BEGIN

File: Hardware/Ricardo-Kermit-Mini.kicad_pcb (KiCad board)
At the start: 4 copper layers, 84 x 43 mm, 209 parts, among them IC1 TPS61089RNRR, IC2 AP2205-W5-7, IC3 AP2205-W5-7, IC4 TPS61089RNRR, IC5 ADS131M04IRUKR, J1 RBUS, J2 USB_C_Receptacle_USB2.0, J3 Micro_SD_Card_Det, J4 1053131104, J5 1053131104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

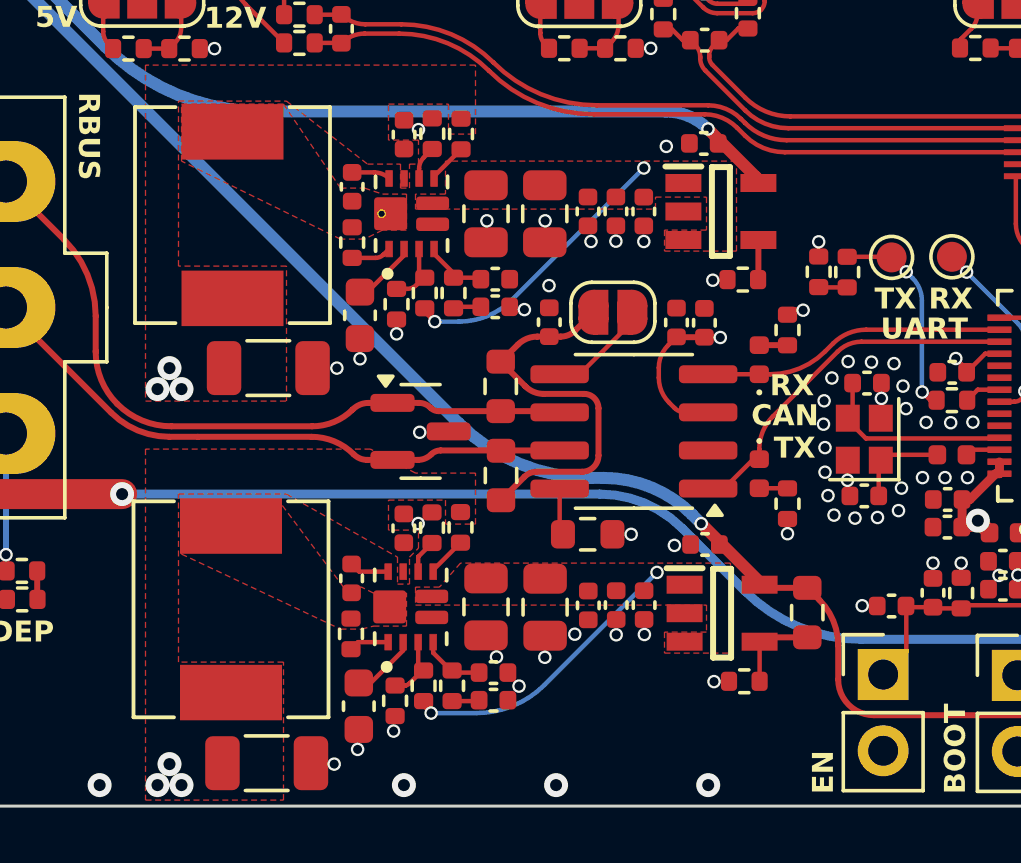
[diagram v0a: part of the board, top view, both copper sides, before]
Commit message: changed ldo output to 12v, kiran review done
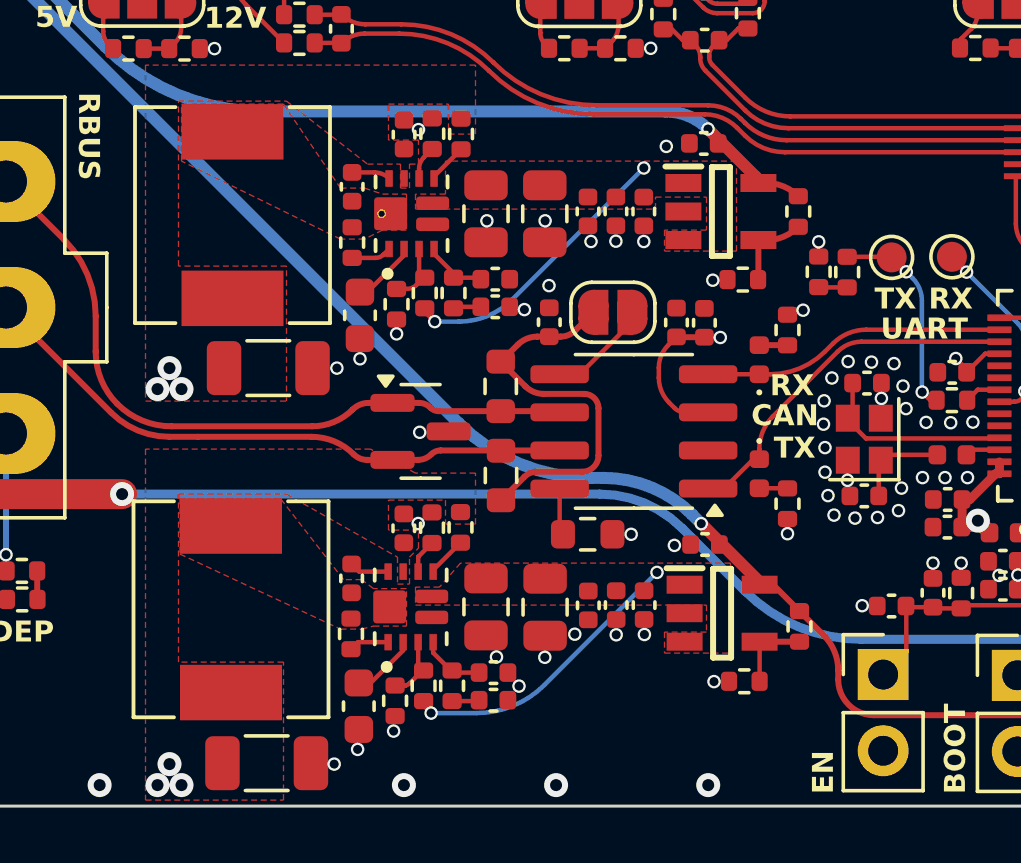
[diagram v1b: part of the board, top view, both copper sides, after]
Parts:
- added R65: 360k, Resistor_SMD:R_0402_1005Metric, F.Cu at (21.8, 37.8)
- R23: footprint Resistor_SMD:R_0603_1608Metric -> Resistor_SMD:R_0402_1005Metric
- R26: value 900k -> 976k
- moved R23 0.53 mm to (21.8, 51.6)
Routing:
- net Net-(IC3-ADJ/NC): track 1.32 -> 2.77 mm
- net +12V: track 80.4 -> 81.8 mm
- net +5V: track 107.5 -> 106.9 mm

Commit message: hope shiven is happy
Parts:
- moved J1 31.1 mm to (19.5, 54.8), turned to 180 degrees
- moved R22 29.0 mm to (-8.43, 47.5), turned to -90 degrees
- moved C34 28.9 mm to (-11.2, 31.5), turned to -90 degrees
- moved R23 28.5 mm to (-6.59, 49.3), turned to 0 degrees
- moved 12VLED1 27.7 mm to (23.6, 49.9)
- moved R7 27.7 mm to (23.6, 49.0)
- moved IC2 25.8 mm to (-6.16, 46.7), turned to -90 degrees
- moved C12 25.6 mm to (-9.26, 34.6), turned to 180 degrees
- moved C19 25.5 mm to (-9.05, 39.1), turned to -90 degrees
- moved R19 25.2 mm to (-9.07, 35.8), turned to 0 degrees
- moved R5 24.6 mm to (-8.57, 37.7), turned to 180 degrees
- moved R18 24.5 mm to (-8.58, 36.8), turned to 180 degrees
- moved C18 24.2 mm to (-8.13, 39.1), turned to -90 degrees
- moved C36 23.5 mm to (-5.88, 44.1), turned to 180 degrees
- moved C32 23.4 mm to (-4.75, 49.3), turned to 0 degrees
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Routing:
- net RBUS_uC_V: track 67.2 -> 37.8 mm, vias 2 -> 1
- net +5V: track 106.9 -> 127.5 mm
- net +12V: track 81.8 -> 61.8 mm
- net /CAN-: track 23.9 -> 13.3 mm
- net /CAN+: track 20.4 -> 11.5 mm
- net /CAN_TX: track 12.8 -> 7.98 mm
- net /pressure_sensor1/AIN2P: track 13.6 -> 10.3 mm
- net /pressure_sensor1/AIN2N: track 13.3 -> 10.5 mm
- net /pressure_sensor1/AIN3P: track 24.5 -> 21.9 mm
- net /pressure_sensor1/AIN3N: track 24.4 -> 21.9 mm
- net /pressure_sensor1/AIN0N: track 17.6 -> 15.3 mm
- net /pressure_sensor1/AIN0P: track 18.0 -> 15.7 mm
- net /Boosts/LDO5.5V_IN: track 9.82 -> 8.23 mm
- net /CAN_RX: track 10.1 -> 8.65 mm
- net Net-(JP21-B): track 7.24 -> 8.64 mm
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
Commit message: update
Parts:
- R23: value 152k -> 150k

END

### Work request
Scan the entries above for the string "message" and copy each line that contains it.

### Result of this task
Commit message: changed ldo output to 12v, kiran review done
Commit message: hope shiven is happy
Commit message: update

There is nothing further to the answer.